The Unfinished Puzzle: Why Leaders Must Frame the Work Before Filling the Details

Some habits never leave you. They simply evolve. For me, puzzling has always been one of them—a quiet, obsessive activity that pulls me in completely and refuses to let go until the last piece clicks into place. What began as a childhood pastime has turned into a surprisingly accurate metaphor for how I approach business.

 

As a child, I loved puzzles. Not casually, but completely. Once I started, I couldn’t stop. Walking away from a half-finished puzzle felt wrong—like abandoning a story before the ending was revealed.

I was drawn to the large ones. Thousands of pieces spread across the table, an intimidating mess that slowly turned into order. And I always followed the same approach: find the corners, build the frame, and only then start working inward.

There was also something almost sacred about completion. Once a puzzle was finished, breaking it apart felt like undoing something meaningful. My mother found a solution. She would take a paintbrush, apply wallpaper adhesive over the entire surface, and turn the puzzle into a permanent piece—hung on the wall like artwork. It wasn’t just about finishing; it was about preserving the accomplishment.

That instinct stayed with me.

Recently, my wife and I started a puzzle together. It began as a shared activity, but at some point, she sensibly decided she was done for the evening. I did not share that perspective. I kept going—piece by piece, hour by hour—until early morning, when the final gap was filled.

This time, there was no glue. No preservation. We broke it apart, packed it back into the box, and put it away for another day.

 

Puzzles may seem trivial, but they carry a set of principles that translate almost perfectly into leadership, strategy, and execution.

 

1. Start with the frame before diving into complexity.

The first move is always the same: find the corners, build the edges. Without a frame, the middle is chaos. You don’t know where pieces belong because you don’t know what the boundaries are.

In business, this is strategy. Before solving detailed problems, leaders must define structure—market focus, positioning, roles, goals. Teams that skip this step often work hard but make slow progress.

Clarity at the edges accelerates everything inside.

 

2. Momentum comes from visible progress.

Building the frame creates early wins. Pieces on the edge are definitely easier to identify. It turns a daunting pile into something manageable. That psychological shift matters.

In leadership, breaking large challenges into visible milestones keeps teams engaged. Progress fuels motivation. Without it, even the most capable teams stall.

 

3. Obsession can be both a strength and a risk.

My inability to leave a puzzle unfinished is, in some ways, admirable. It reflects persistence and commitment. But it also reveals a tendency toward over-focus—pushing beyond the point of diminishing returns.

In business, this shows up as over-engineering, over-analysis, or an unwillingness to step away.
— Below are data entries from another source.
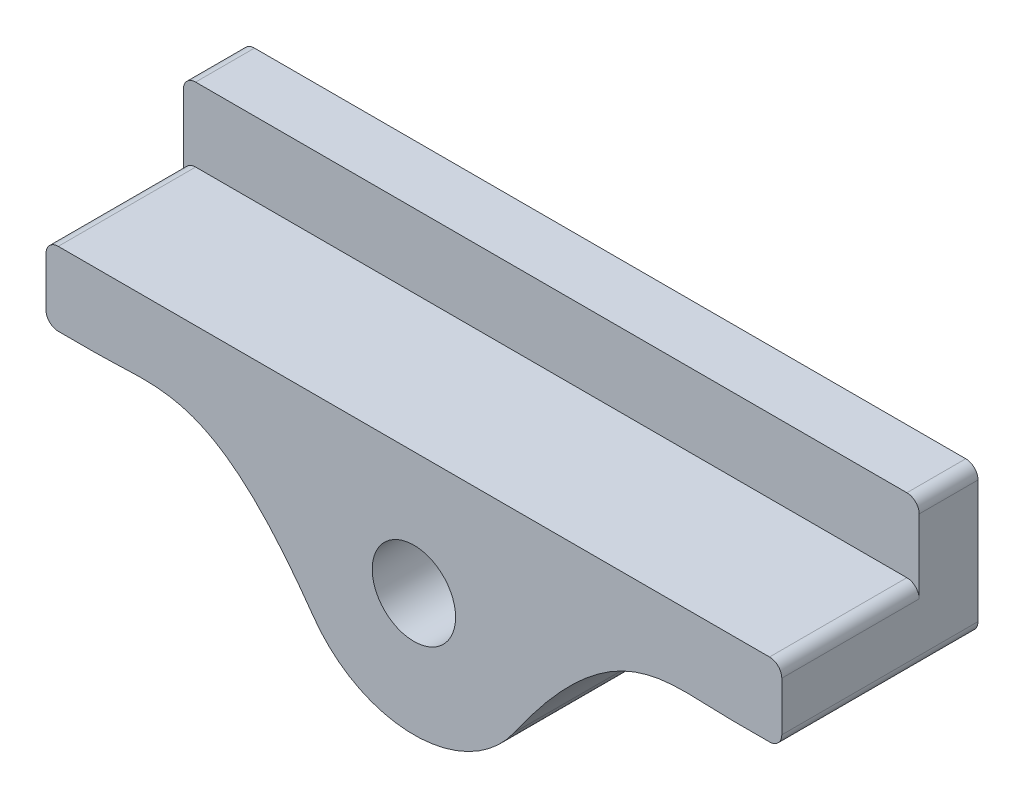
ISO-10303-21;
HEADER;
FILE_DESCRIPTION(('STEP AP214'),'2;1');
FILE_NAME('part.step','',(''),(''),'','','');
FILE_SCHEMA(('AUTOMOTIVE_DESIGN { 1 0 10303 214 1 1 1 1 }'));
ENDSEC;
DATA;
#1=APPLICATION_CONTEXT('core data for automotive mechanical design processes');
#2=APPLICATION_PROTOCOL_DEFINITION('international standard','automotive_design',2000,#1);
#3=PRODUCT_CONTEXT('',#1,'mechanical');
#4=PRODUCT('Part','Part','',(#3));
#5=PRODUCT_RELATED_PRODUCT_CATEGORY('part','',(#4));
#6=PRODUCT_DEFINITION_FORMATION('','',#4);
#7=PRODUCT_DEFINITION_CONTEXT('part definition',#1,'design');
#8=PRODUCT_DEFINITION('design','',#6,#7);
#9=PRODUCT_DEFINITION_SHAPE('','',#8);
#10=(LENGTH_UNIT() NAMED_UNIT(*) SI_UNIT(.MILLI.,.METRE.));
#11=(NAMED_UNIT(*) PLANE_ANGLE_UNIT() SI_UNIT($,.RADIAN.));
#12=(NAMED_UNIT(*) SI_UNIT($,.STERADIAN.) SOLID_ANGLE_UNIT());
#13=UNCERTAINTY_MEASURE_WITH_UNIT(LENGTH_MEASURE(1.E-05),#10,'distance_accuracy_value','');
#14=(GEOMETRIC_REPRESENTATION_CONTEXT(3) GLOBAL_UNCERTAINTY_ASSIGNED_CONTEXT((#13)) GLOBAL_UNIT_ASSIGNED_CONTEXT((#10,
#11,#12)) REPRESENTATION_CONTEXT('',''));
#15=CARTESIAN_POINT('',(0.,0.,0.));
#16=DIRECTION('',(0.,0.,1.));
#17=DIRECTION('',(1.,0.,0.));
#18=AXIS2_PLACEMENT_3D('',#15,#16,#17);
#19=CARTESIAN_POINT('',(5.,-2.,1.));
#20=DIRECTION('',(0.,0.,-1.));
#21=DIRECTION('',(-1.,0.,0.));
#22=AXIS2_PLACEMENT_3D('',#19,#20,#21);
#23=CYLINDRICAL_SURFACE('',#22,3.7);
#24=CARTESIAN_POINT('',(5.,-2.,0.));
#25=DIRECTION('',(0.,0.,-1.));
#26=DIRECTION('',(-1.,0.,0.));
#27=AXIS2_PLACEMENT_3D('',#24,#25,#26);
#28=CIRCLE('',#27,3.7);
#29=CARTESIAN_POINT('',(1.3,-2.,0.));
#30=VERTEX_POINT('',#29);
#31=EDGE_CURVE('E410',#30,#30,#28,.T.);
#32=ORIENTED_EDGE('',*,*,#31,.T.);
#33=EDGE_LOOP('',(#32));
#34=FACE_BOUND('',#33,.T.);
#35=CARTESIAN_POINT('',(5.,-2.,0.6));
#36=DIRECTION('',(0.,0.,1.));
#37=DIRECTION('',(1.,0.,0.));
#38=AXIS2_PLACEMENT_3D('',#35,#36,#37);
#39=CIRCLE('',#38,3.7);
#40=CARTESIAN_POINT('',(8.7,-2.,0.6));
#41=VERTEX_POINT('',#40);
#42=EDGE_CURVE('E11',#41,#41,#39,.F.);
#43=ORIENTED_EDGE('',*,*,#42,.F.);
#44=EDGE_LOOP('',(#43));
#45=FACE_BOUND('',#44,.T.);
#46=ADVANCED_FACE('F35',(#34,#45),#23,.F.);
#47=CARTESIAN_POINT('',(5.,-2.,8.));
#48=DIRECTION('',(0.,0.,-1.));
#49=DIRECTION('',(-1.,0.,0.));
#50=AXIS2_PLACEMENT_3D('',#47,#48,#49);
#51=CYLINDRICAL_SURFACE('',#50,1.7);
#52=CARTESIAN_POINT('',(5.,-2.,3.4));
#53=DIRECTION('',(0.,0.,1.));
#54=DIRECTION('',(1.,0.,0.));
#55=AXIS2_PLACEMENT_3D('',#52,#53,#54);
#56=CIRCLE('',#55,1.7);
#57=CARTESIAN_POINT('',(6.7,-2.,3.4));
#58=VERTEX_POINT('',#57);
#59=EDGE_CURVE('E45',#58,#58,#56,.T.);
#60=ORIENTED_EDGE('',*,*,#59,.F.);
#61=EDGE_LOOP('',(#60));
#62=FACE_BOUND('',#61,.T.);
#63=CARTESIAN_POINT('',(5.,-2.,8.));
#64=DIRECTION('',(0.,0.,1.));
#65=DIRECTION('',(1.,0.,0.));
#66=AXIS2_PLACEMENT_3D('',#63,#64,#65);
#67=CIRCLE('',#66,1.7);
#68=CARTESIAN_POINT('',(6.7,-2.,8.));
#69=VERTEX_POINT('',#68);
#70=EDGE_CURVE('E290',#69,#69,#67,.T.);
#71=ORIENTED_EDGE('',*,*,#70,.T.);
#72=EDGE_LOOP('',(#71));
#73=FACE_BOUND('',#72,.T.);
#74=ADVANCED_FACE('F239',(#62,#73),#51,.F.);
#75=CARTESIAN_POINT('',(-4.03421233914941,-0.267444983879889,8.));
#76=DIRECTION('',(0.,0.,-1.));
#77=DIRECTION('',(-1.,0.,0.));
#78=AXIS2_PLACEMENT_3D('',#75,#76,#77);
#79=PLANE('',#78);
#80=DIRECTION('',(0.,-1.,0.));
#81=VECTOR('',#80,1.);
#82=CARTESIAN_POINT('',(-10.,6.,8.));
#83=LINE('',#82,#81);
#84=CARTESIAN_POINT('',(-10.,2.5,8.));
#85=VERTEX_POINT('',#84);
#86=CARTESIAN_POINT('',(-10.,0.5,8.));
#87=VERTEX_POINT('',#86);
#88=EDGE_CURVE('E163',#85,#87,#83,.T.);
#89=ORIENTED_EDGE('',*,*,#88,.T.);
#90=CARTESIAN_POINT('',(-9.5,0.5,8.));
#91=DIRECTION('',(0.,0.,-1.));
#92=DIRECTION('',(-1.,0.,0.));
#93=AXIS2_PLACEMENT_3D('',#90,#91,#92);
#94=CIRCLE('',#93,0.5);
#95=CARTESIAN_POINT('',(-9.5,0.,8.));
#96=VERTEX_POINT('',#95);
#97=EDGE_CURVE('E159',#87,#96,#94,.F.);
#98=ORIENTED_EDGE('',*,*,#97,.T.);
#99=DIRECTION('',(1.,0.,0.));
#100=VECTOR('',#99,1.);
#101=CARTESIAN_POINT('',(-8.,0.,8.));
#102=LINE('',#101,#100);
#103=CARTESIAN_POINT('',(-8.,0.,8.));
#104=VERTEX_POINT('',#103);
#105=EDGE_CURVE('E150',#96,#104,#102,.T.);
#106=ORIENTED_EDGE('',*,*,#105,.T.);
#107=CARTESIAN_POINT('',(-8.,0.,8.));
#108=CARTESIAN_POINT('',(-5.26031875300334,0.,8.));
#109=CARTESIAN_POINT('',(-3.13135456391697,0.908049893895382,8.));
#110=CARTESIAN_POINT('',(0.901321237565681,-4.86370955272525,8.));
#111=B_SPLINE_CURVE_WITH_KNOTS('',3,(#107,#108,#109,#110),.UNSPECIFIED.,.F.,.F.,(4,4),(0.,1.),.UNSPECIFIED.);
#112=CARTESIAN_POINT('',(0.901321237565678,-4.86370955272525,8.));
#113=VERTEX_POINT('',#112);
#114=EDGE_CURVE('E156',#104,#113,#111,.T.);
#115=ORIENTED_EDGE('',*,*,#114,.T.);
#116=CARTESIAN_POINT('',(5.,-2.,8.));
#117=DIRECTION('',(0.,0.,1.));
#118=DIRECTION('',(1.,0.,0.));
#119=AXIS2_PLACEMENT_3D('',#116,#117,#118);
#120=CIRCLE('',#119,5.);
#121=CARTESIAN_POINT('',(9.09867876243432,-4.86370955272525,8.));
#122=VERTEX_POINT('',#121);
#123=EDGE_CURVE('E178',#113,#122,#120,.T.);
#124=ORIENTED_EDGE('',*,*,#123,.T.);
#125=CARTESIAN_POINT('',(9.09867876243432,-4.86370955272525,8.));
#126=CARTESIAN_POINT('',(13.131354563917,0.908049893895381,8.));
#127=CARTESIAN_POINT('',(15.2603187530033,0.,8.));
#128=CARTESIAN_POINT('',(18.,0.,8.));
#129=B_SPLINE_CURVE_WITH_KNOTS('',3,(#125,#126,#127,#128),.UNSPECIFIED.,.F.,.F.,(4,4),(0.,1.),.UNSPECIFIED.);
#130=CARTESIAN_POINT('',(18.,0.,8.));
#131=VERTEX_POINT('',#130);
#132=EDGE_CURVE('E180',#122,#131,#129,.T.);
#133=ORIENTED_EDGE('',*,*,#132,.T.);
#134=DIRECTION('',(1.,0.,0.));
#135=VECTOR('',#134,1.);
#136=CARTESIAN_POINT('',(18.,0.,8.));
#137=LINE('',#136,#135);
#138=CARTESIAN_POINT('',(19.5,0.,8.));
#139=VERTEX_POINT('',#138);
#140=EDGE_CURVE('E276',#131,#139,#137,.T.);
#141=ORIENTED_EDGE('',*,*,#140,.T.);
#142=CARTESIAN_POINT('',(19.5,0.5,8.));
#143=DIRECTION('',(0.,0.,-1.));
#144=DIRECTION('',(-1.,0.,0.));
#145=AXIS2_PLACEMENT_3D('',#142,#143,#144);
#146=CIRCLE('',#145,0.5);
#147=CARTESIAN_POINT('',(20.,0.5,8.));
#148=VERTEX_POINT('',#147);
#149=EDGE_CURVE('E343',#139,#148,#146,.F.);
#150=ORIENTED_EDGE('',*,*,#149,.T.);
#151=DIRECTION('',(0.,1.,0.));
#152=VECTOR('',#151,1.);
#153=CARTESIAN_POINT('',(20.,6.,8.));
#154=LINE('',#153,#152);
#155=CARTESIAN_POINT('',(20.,2.5,8.));
#156=VERTEX_POINT('',#155);
#157=EDGE_CURVE('E282',#148,#156,#154,.T.);
#158=ORIENTED_EDGE('',*,*,#157,.T.);
#159=CARTESIAN_POINT('',(19.5,2.5,8.));
#160=DIRECTION('',(0.,0.,-1.));
#161=DIRECTION('',(-1.,0.,0.));
#162=AXIS2_PLACEMENT_3D('',#159,#160,#161);
#163=CIRCLE('',#162,0.5);
#164=CARTESIAN_POINT('',(19.5,3.,8.));
#165=VERTEX_POINT('',#164);
#166=EDGE_CURVE('E341',#156,#165,#163,.F.);
#167=ORIENTED_EDGE('',*,*,#166,.T.);
#168=DIRECTION('',(1.,0.,0.));
#169=VECTOR('',#168,1.);
#170=CARTESIAN_POINT('',(-10.,3.,8.));
#171=LINE('',#170,#169);
#172=CARTESIAN_POINT('',(-9.5,3.,8.));
#173=VERTEX_POINT('',#172);
#174=EDGE_CURVE('E385',#173,#165,#171,.T.);
#175=ORIENTED_EDGE('',*,*,#174,.F.);
#176=CARTESIAN_POINT('',(-9.5,2.5,8.));
#177=DIRECTION('',(0.,0.,-1.));
#178=DIRECTION('',(-1.,0.,0.));
#179=AXIS2_PLACEMENT_3D('',#176,#177,#178);
#180=CIRCLE('',#179,0.5);
#181=EDGE_CURVE('E339',#173,#85,#180,.F.);
#182=ORIENTED_EDGE('',*,*,#181,.T.);
#183=EDGE_LOOP('',(#89,#98,#106,#115,#124,#133,#141,#150,#158,#167,#175,#182));
#184=FACE_BOUND('',#183,.T.);
#185=ORIENTED_EDGE('',*,*,#70,.F.);
#186=EDGE_LOOP('',(#185));
#187=FACE_BOUND('',#186,.T.);
#188=ADVANCED_FACE('F153',(#184,#187),#79,.F.);
#189=CARTESIAN_POINT('',(-4.03421233914941,-0.267444983879889,0.));
#190=DIRECTION('',(0.,0.,-1.));
#191=DIRECTION('',(-1.,0.,0.));
#192=AXIS2_PLACEMENT_3D('',#189,#190,#191);
#193=PLANE('',#192);
#194=ORIENTED_EDGE('',*,*,#31,.F.);
#195=EDGE_LOOP('',(#194));
#196=FACE_BOUND('',#195,.T.);
#197=DIRECTION('',(1.,0.,0.));
#198=VECTOR('',#197,1.);
#199=CARTESIAN_POINT('',(-8.,0.,0.));
#200=LINE('',#199,#198);
#201=CARTESIAN_POINT('',(-9.5,0.,0.));
#202=VERTEX_POINT('',#201);
#203=CARTESIAN_POINT('',(-8.,0.,0.));
#204=VERTEX_POINT('',#203);
#205=EDGE_CURVE('E169',#202,#204,#200,.T.);
#206=ORIENTED_EDGE('',*,*,#205,.F.);
#207=CARTESIAN_POINT('',(-9.5,0.5,0.));
#208=DIRECTION('',(0.,0.,-1.));
#209=DIRECTION('',(-1.,0.,0.));
#210=AXIS2_PLACEMENT_3D('',#207,#208,#209);
#211=CIRCLE('',#210,0.5);
#212=CARTESIAN_POINT('',(-10.,0.5,0.));
#213=VERTEX_POINT('',#212);
#214=EDGE_CURVE('E329',#202,#213,#211,.T.);
#215=ORIENTED_EDGE('',*,*,#214,.T.);
#216=DIRECTION('',(0.,-1.,0.));
#217=VECTOR('',#216,1.);
#218=CARTESIAN_POINT('',(-10.,6.,0.));
#219=LINE('',#218,#217);
#220=CARTESIAN_POINT('',(-10.,5.5,0.));
#221=VERTEX_POINT('',#220);
#222=EDGE_CURVE('E289',#221,#213,#219,.T.);
#223=ORIENTED_EDGE('',*,*,#222,.F.);
#224=CARTESIAN_POINT('',(-9.5,5.5,0.));
#225=DIRECTION('',(0.,0.,-1.));
#226=DIRECTION('',(-1.,0.,0.));
#227=AXIS2_PLACEMENT_3D('',#224,#225,#226);
#228=CIRCLE('',#227,0.5);
#229=CARTESIAN_POINT('',(-9.5,6.,0.));
#230=VERTEX_POINT('',#229);
#231=EDGE_CURVE('E323',#221,#230,#228,.T.);
#232=ORIENTED_EDGE('',*,*,#231,.T.);
#233=DIRECTION('',(-1.,0.,0.));
#234=VECTOR('',#233,1.);
#235=CARTESIAN_POINT('',(20.,6.,0.));
#236=LINE('',#235,#234);
#237=CARTESIAN_POINT('',(19.5,6.,0.));
#238=VERTEX_POINT('',#237);
#239=EDGE_CURVE('E286',#238,#230,#236,.T.);
#240=ORIENTED_EDGE('',*,*,#239,.F.);
#241=CARTESIAN_POINT('',(19.5,5.5,0.));
#242=DIRECTION('',(0.,0.,-1.));
#243=DIRECTION('',(-1.,0.,0.));
#244=AXIS2_PLACEMENT_3D('',#241,#242,#243);
#245=CIRCLE('',#244,0.5);
#246=CARTESIAN_POINT('',(20.,5.5,0.));
#247=VERTEX_POINT('',#246);
#248=EDGE_CURVE('E325',#238,#247,#245,.T.);
#249=ORIENTED_EDGE('',*,*,#248,.T.);
#250=DIRECTION('',(0.,1.,0.));
#251=VECTOR('',#250,1.);
#252=CARTESIAN_POINT('',(20.,6.,0.));
#253=LINE('',#252,#251);
#254=CARTESIAN_POINT('',(20.,0.5,0.));
#255=VERTEX_POINT('',#254);
#256=EDGE_CURVE('E313',#255,#247,#253,.T.);
#257=ORIENTED_EDGE('',*,*,#256,.F.);
#258=CARTESIAN_POINT('',(19.5,0.5,0.));
#259=DIRECTION('',(0.,0.,-1.));
#260=DIRECTION('',(-1.,0.,0.));
#261=AXIS2_PLACEMENT_3D('',#258,#259,#260);
#262=CIRCLE('',#261,0.5);
#263=CARTESIAN_POINT('',(19.5,0.,0.));
#264=VERTEX_POINT('',#263);
#265=EDGE_CURVE('E327',#255,#264,#262,.T.);
#266=ORIENTED_EDGE('',*,*,#265,.T.);
#267=DIRECTION('',(1.,0.,0.));
#268=VECTOR('',#267,1.);
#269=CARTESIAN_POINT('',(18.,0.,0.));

Leaders must know when to push through—and when to pause.

 

4. Not everything needs to be permanent.

As a child, completed puzzles were preserved. They became artifacts. Today, they go back into the box.

That shift mirrors something important in business. Not every success needs to be institutionalized. Some projects are meant to be completed, learned from, and then dismantled—making space for the next challenge.

Progress often requires letting go.

 

5. Great work is often solitary—even when it starts collaboratively.

Starting the puzzle with my wife was enjoyable. Finishing it alone was inevitable. Some parts of the journey require individual focus.

Leadership carries a similar dynamic. Collaboration defines the beginning and the direction, but execution—especially at critical moments—often requires solitary decision-making and accountability.

 

6. Pattern recognition is a learned advantage.

The more puzzles you complete, the faster you recognize shapes, colors, and patterns. What once felt random becomes familiar.

In business, experience builds the same capability. Leaders who have seen patterns before—market shifts, hiring mistakes, growth bottlenecks—can navigate complexity more efficiently.

 

Looking back, puzzles were never just about filling time. They were about structure, persistence, and the quiet satisfaction of bringing order to chaos. Today, whether I’m building a company, solving a strategic problem, or guiding a team, I still think in pieces. Start with the frame. Find the edges. Build inward.

And occasionally, accept that once the picture is complete, it’s okay to take it apart—and begin again.